### [What is needed]
Copy out each line below containing "name".

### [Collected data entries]

--- START ---

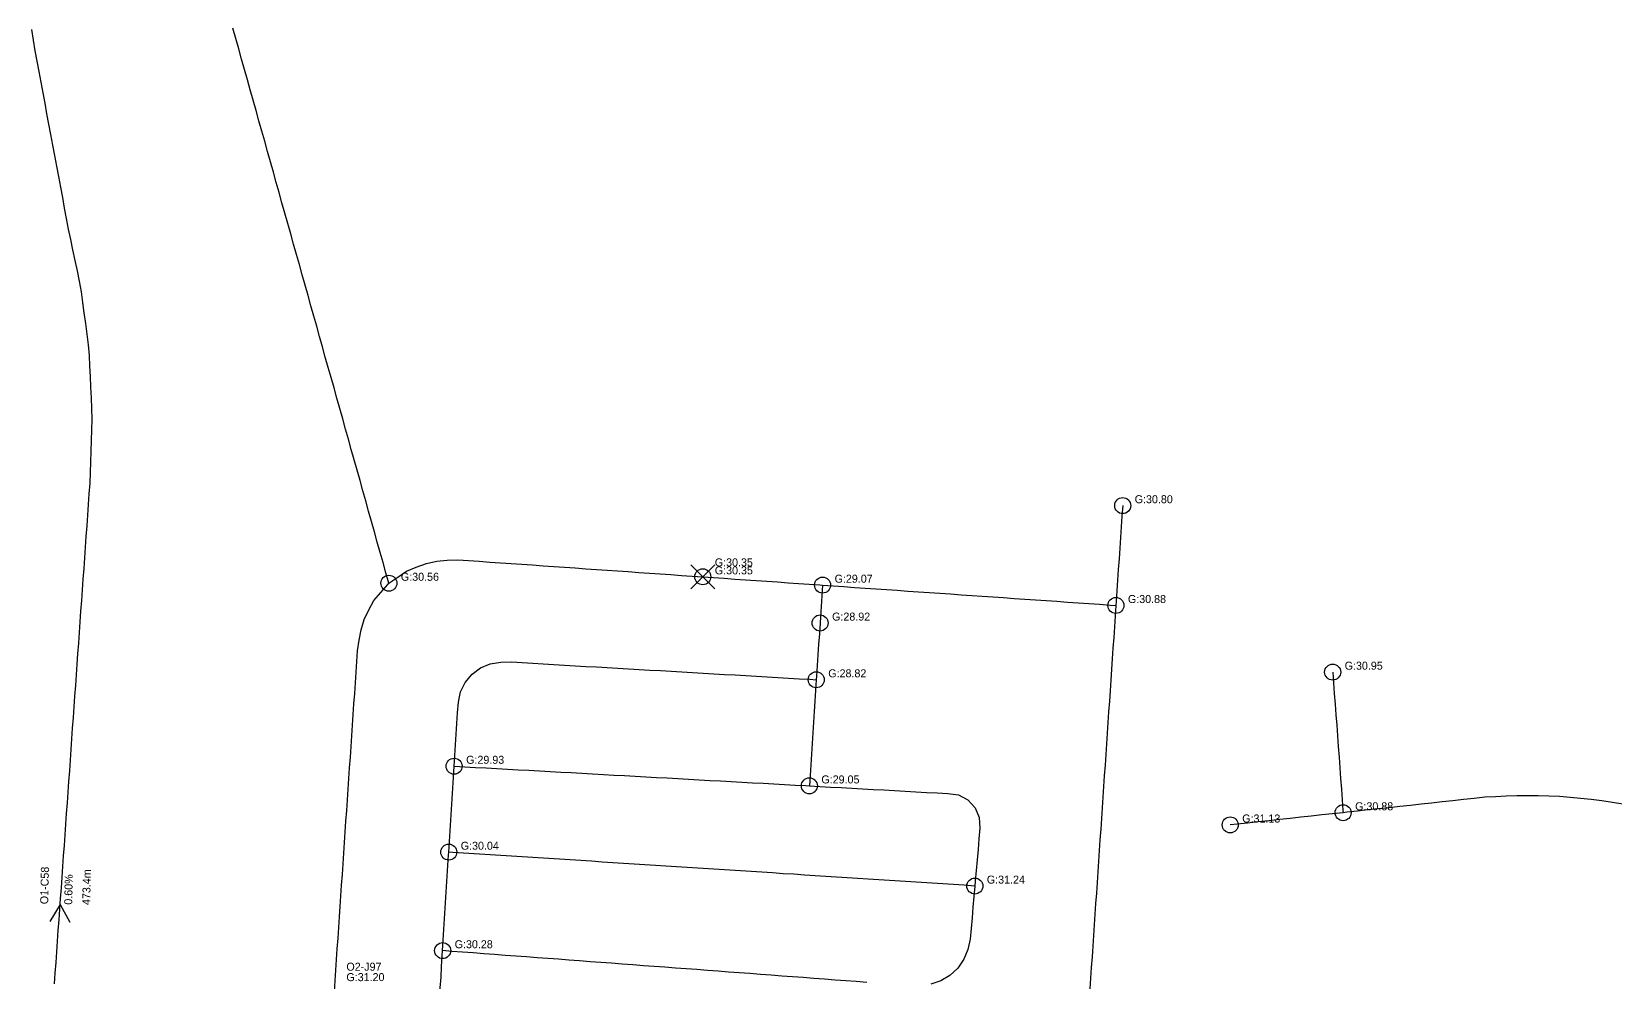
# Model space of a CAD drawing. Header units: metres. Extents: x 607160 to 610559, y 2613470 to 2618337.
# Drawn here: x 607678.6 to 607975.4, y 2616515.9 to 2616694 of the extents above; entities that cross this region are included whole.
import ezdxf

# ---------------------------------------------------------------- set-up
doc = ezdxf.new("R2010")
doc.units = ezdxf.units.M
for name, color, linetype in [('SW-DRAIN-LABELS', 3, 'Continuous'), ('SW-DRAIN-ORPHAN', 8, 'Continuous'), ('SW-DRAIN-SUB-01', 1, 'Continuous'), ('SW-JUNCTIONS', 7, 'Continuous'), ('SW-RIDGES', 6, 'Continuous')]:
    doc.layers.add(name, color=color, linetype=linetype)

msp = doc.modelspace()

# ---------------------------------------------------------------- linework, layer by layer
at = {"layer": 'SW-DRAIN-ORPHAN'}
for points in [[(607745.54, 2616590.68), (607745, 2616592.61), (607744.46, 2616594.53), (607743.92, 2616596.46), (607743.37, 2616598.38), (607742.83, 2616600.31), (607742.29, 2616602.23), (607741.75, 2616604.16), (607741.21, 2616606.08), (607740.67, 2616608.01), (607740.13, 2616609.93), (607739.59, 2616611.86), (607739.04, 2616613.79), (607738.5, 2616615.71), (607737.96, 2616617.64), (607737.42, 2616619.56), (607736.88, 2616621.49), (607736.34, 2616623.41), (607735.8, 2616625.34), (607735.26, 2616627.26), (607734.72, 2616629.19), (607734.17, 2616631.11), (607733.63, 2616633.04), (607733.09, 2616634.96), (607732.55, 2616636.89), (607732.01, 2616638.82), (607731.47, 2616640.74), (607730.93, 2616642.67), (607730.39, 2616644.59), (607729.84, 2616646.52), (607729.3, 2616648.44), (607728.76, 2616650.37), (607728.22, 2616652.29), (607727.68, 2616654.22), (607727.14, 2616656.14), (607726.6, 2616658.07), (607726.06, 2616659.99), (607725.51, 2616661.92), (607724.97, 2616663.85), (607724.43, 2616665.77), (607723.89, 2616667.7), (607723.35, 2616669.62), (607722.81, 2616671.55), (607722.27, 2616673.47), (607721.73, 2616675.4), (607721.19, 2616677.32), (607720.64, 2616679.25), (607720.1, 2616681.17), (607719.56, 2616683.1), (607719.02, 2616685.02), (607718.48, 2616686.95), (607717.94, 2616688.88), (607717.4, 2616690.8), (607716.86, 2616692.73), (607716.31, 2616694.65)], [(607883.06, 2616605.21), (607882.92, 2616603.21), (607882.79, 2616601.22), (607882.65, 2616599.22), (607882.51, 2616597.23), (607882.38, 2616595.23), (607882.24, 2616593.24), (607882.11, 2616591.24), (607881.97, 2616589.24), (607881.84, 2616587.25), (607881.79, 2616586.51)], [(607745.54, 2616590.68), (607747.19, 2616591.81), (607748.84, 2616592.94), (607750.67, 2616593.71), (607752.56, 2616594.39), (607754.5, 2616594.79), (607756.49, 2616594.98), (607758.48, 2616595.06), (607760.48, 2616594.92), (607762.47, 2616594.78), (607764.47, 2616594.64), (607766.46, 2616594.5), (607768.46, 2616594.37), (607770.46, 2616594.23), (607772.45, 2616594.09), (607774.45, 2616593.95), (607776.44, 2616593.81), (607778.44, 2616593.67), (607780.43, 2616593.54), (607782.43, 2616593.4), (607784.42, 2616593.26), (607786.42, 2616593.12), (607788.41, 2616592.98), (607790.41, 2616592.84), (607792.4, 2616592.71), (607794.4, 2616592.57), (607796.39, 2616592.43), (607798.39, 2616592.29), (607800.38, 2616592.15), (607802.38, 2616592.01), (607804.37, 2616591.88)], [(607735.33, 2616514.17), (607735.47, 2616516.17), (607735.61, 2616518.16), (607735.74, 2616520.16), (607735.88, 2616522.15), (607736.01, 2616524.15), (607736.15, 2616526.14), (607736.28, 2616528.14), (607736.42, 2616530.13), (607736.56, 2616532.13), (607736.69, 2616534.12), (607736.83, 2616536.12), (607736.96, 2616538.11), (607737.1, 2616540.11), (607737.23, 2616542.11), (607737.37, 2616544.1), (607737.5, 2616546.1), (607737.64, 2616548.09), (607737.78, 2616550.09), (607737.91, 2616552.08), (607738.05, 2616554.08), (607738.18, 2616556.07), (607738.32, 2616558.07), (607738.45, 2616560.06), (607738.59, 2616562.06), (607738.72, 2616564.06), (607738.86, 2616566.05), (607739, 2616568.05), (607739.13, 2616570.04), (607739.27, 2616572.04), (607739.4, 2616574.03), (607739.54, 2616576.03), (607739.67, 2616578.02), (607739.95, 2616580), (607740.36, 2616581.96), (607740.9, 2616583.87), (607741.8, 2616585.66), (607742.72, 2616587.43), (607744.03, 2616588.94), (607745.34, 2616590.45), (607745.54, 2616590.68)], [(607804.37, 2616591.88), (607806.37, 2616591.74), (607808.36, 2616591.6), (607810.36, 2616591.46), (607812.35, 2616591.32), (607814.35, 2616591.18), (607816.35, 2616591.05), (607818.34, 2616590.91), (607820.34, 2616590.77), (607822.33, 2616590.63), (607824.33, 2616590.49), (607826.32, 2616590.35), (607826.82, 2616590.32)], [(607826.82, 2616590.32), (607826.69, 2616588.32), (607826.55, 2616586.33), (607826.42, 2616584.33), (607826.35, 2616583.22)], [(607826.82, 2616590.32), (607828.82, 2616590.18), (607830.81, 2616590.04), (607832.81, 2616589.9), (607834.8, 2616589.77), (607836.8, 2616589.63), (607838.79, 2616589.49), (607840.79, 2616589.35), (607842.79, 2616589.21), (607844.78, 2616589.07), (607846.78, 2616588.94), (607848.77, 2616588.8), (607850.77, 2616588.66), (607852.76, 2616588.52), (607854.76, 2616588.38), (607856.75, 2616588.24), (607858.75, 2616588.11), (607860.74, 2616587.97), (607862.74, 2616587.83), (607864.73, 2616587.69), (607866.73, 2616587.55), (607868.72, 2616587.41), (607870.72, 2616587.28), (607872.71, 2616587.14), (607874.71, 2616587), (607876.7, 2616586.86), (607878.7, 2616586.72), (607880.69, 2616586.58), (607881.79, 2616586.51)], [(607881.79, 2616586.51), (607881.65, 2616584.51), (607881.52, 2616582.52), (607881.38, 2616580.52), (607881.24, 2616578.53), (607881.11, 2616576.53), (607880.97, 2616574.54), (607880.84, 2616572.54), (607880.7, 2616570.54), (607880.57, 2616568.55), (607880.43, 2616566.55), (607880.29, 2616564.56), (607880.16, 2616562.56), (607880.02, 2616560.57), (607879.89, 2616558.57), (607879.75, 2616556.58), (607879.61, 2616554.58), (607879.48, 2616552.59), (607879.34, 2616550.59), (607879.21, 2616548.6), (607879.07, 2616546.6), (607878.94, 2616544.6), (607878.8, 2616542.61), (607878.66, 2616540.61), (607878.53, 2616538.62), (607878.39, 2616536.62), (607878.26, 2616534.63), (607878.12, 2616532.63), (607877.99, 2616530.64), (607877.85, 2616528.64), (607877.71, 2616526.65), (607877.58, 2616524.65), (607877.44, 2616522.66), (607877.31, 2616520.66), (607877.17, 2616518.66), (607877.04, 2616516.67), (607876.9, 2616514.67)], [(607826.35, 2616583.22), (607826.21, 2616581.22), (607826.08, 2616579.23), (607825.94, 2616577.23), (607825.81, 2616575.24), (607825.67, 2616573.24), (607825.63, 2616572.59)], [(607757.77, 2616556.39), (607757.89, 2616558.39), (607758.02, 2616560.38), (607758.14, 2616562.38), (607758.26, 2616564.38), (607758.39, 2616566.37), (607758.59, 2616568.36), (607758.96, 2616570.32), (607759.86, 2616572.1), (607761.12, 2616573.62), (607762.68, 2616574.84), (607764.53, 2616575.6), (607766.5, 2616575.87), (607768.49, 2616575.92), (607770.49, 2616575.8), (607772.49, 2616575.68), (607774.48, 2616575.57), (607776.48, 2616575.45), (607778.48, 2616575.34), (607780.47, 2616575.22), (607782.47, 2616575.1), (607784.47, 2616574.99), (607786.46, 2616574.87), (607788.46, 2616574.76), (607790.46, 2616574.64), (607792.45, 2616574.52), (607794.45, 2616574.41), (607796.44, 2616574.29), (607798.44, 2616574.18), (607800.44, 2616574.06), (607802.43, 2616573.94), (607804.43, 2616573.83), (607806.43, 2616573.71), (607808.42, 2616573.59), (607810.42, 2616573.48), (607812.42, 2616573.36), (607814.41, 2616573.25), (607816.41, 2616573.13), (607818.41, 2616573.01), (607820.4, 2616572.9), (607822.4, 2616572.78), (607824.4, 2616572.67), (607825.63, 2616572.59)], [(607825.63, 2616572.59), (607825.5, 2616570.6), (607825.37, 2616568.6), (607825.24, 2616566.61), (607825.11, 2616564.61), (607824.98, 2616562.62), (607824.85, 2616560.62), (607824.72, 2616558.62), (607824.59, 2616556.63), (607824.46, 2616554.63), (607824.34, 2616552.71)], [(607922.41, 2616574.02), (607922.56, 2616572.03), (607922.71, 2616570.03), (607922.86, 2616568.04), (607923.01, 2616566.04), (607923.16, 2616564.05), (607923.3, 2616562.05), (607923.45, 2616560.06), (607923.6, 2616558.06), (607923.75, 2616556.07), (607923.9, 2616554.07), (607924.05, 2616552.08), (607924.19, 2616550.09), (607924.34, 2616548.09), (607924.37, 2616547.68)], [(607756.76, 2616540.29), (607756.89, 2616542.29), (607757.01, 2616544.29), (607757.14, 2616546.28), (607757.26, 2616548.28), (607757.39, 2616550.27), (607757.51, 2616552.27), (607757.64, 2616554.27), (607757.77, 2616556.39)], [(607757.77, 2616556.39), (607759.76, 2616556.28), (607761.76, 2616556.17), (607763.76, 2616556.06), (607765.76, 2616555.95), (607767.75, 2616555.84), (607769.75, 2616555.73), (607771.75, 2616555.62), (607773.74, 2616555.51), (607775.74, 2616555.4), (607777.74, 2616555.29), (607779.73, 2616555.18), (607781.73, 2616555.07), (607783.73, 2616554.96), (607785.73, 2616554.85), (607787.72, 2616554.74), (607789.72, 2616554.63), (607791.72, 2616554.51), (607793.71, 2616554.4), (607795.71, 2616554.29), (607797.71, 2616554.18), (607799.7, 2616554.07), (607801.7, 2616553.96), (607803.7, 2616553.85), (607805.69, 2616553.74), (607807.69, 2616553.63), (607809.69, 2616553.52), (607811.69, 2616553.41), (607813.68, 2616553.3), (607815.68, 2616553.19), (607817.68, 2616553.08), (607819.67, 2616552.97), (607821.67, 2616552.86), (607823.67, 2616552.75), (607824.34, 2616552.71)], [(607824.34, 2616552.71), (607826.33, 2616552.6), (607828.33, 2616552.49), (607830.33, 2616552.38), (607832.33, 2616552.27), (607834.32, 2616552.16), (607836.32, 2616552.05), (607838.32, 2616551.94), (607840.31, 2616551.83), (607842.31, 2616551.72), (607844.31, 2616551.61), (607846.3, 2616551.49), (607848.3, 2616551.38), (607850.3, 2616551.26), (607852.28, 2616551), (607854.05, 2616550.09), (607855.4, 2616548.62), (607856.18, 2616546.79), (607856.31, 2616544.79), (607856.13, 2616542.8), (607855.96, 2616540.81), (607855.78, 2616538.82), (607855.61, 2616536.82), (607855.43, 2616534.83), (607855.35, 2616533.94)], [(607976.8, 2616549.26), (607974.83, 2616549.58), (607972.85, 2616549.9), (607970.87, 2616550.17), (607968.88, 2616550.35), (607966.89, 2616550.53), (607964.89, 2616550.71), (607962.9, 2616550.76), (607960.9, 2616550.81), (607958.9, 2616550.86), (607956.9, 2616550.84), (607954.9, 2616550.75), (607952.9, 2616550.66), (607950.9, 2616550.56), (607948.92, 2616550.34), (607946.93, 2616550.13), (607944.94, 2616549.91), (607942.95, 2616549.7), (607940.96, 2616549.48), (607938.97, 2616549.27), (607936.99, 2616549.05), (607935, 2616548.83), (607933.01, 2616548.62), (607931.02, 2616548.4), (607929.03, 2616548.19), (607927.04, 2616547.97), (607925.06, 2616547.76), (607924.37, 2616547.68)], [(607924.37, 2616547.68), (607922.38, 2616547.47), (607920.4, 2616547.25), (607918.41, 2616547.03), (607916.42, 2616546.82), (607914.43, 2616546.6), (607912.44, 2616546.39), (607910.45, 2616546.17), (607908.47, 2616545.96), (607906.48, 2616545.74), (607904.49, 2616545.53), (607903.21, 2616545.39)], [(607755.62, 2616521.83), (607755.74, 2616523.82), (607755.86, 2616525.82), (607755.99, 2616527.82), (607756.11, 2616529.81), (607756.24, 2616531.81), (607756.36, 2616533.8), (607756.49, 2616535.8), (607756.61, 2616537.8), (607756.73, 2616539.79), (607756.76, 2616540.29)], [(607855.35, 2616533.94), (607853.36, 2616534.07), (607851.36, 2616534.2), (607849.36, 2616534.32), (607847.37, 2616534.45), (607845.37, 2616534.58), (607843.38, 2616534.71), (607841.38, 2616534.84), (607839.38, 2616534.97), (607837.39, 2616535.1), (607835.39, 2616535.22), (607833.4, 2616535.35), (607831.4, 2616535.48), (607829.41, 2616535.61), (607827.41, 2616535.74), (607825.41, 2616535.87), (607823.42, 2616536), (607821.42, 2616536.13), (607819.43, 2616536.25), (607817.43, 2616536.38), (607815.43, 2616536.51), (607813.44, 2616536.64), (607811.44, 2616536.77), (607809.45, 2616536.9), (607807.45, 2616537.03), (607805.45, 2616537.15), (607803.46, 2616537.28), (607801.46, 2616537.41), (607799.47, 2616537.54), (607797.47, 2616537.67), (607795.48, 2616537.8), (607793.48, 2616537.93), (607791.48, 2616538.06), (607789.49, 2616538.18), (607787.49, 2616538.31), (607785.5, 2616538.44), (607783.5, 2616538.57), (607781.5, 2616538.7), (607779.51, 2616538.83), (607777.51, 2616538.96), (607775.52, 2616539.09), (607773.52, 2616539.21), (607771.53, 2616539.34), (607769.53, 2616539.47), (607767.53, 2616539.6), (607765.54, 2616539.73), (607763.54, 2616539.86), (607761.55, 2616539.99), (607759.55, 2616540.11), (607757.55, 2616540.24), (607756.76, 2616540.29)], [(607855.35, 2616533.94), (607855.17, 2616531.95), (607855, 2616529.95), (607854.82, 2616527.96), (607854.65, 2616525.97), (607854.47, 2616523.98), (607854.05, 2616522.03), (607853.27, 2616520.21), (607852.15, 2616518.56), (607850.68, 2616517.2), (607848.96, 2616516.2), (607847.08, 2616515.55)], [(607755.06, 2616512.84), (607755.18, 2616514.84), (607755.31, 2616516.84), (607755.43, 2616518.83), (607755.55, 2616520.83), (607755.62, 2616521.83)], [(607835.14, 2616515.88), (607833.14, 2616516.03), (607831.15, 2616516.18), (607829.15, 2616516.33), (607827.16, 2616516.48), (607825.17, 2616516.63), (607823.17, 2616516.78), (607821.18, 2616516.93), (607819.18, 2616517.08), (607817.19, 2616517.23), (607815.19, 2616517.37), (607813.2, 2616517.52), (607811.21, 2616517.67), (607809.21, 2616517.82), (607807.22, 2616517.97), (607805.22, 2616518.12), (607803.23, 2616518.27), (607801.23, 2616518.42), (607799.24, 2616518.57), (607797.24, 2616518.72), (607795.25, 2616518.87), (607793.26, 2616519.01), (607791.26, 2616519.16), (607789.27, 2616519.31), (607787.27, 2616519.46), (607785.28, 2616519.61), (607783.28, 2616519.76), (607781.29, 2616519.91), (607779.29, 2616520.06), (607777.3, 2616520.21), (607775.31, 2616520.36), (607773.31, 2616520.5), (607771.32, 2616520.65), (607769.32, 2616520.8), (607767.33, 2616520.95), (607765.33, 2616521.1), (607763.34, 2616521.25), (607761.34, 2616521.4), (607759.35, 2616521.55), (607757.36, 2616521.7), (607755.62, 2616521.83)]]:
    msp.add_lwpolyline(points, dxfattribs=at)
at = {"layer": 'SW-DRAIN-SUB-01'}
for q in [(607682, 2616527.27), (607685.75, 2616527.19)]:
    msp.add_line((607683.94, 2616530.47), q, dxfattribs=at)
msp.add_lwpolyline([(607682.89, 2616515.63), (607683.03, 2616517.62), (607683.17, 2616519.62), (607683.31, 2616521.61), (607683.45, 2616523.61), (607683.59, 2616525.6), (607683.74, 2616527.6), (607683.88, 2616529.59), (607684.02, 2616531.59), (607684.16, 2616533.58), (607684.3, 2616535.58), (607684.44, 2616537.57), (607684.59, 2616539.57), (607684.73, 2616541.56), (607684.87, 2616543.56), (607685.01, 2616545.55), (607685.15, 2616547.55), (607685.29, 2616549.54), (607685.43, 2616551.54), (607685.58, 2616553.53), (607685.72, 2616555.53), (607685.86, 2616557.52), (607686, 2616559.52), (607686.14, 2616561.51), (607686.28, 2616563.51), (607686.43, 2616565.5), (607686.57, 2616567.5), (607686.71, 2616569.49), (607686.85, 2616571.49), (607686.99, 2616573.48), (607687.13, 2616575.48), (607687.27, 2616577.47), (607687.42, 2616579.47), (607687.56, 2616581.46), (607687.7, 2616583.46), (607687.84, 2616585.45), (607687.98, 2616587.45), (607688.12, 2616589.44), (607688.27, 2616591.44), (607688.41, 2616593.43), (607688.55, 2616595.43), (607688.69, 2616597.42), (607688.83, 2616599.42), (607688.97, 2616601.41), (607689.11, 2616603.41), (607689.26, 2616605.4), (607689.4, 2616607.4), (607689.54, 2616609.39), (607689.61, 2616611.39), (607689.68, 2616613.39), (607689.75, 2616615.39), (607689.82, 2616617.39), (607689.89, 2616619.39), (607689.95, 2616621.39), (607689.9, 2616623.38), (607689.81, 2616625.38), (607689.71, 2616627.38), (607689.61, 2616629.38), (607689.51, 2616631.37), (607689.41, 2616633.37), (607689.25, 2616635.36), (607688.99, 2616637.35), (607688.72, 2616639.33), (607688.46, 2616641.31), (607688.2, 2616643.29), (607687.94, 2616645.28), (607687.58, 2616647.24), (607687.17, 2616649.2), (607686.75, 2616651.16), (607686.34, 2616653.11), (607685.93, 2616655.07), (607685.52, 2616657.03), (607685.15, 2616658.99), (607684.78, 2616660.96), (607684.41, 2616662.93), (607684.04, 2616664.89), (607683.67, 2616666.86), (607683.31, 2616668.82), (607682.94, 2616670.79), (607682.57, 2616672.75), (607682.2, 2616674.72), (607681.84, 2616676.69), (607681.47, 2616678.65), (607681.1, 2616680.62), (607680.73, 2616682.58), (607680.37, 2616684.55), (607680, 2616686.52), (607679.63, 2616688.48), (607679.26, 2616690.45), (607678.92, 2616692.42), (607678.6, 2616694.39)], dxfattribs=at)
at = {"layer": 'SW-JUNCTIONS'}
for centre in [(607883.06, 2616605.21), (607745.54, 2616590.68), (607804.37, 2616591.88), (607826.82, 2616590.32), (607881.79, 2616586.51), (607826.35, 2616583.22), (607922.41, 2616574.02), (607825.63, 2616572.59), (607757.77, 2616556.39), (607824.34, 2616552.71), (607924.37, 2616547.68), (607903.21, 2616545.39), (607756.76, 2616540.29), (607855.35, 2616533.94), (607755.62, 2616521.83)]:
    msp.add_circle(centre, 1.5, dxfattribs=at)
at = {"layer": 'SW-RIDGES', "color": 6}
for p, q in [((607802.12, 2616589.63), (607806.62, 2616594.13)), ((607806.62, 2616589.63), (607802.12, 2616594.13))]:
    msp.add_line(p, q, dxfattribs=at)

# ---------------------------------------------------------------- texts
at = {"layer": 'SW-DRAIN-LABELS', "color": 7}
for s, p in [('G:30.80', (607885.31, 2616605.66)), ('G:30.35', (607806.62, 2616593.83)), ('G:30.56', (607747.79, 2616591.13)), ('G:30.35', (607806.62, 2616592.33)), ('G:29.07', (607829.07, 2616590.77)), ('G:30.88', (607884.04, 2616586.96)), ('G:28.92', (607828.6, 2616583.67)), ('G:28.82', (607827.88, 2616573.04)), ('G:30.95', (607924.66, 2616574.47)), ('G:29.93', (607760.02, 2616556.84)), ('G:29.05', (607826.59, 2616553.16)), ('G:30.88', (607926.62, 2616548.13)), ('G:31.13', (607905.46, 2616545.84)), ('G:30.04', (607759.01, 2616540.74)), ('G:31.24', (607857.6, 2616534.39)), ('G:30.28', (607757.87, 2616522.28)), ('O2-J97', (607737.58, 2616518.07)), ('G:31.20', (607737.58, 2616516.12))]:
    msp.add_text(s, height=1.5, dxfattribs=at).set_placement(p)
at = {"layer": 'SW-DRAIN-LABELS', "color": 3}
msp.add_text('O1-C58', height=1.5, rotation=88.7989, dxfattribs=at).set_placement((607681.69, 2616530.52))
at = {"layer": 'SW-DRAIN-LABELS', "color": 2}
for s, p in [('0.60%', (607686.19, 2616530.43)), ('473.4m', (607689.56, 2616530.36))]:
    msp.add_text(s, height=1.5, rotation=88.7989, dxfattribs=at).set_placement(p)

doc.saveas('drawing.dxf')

--- END ---

### [Task result]
for name, color, linetype in [('SW-DRAIN-LABELS', 3, 'Continuous'), ('SW-DRAIN-ORPHAN', 8, 'Continuous'), ('SW-DRAIN-SUB-01', 1, 'Continuous'), ('SW-JUNCTIONS', 7, 'Continuous'), ('SW-RIDGES', 6, 'Continuous')]:
    doc.layers.add(name, color=color, linetype=linetype)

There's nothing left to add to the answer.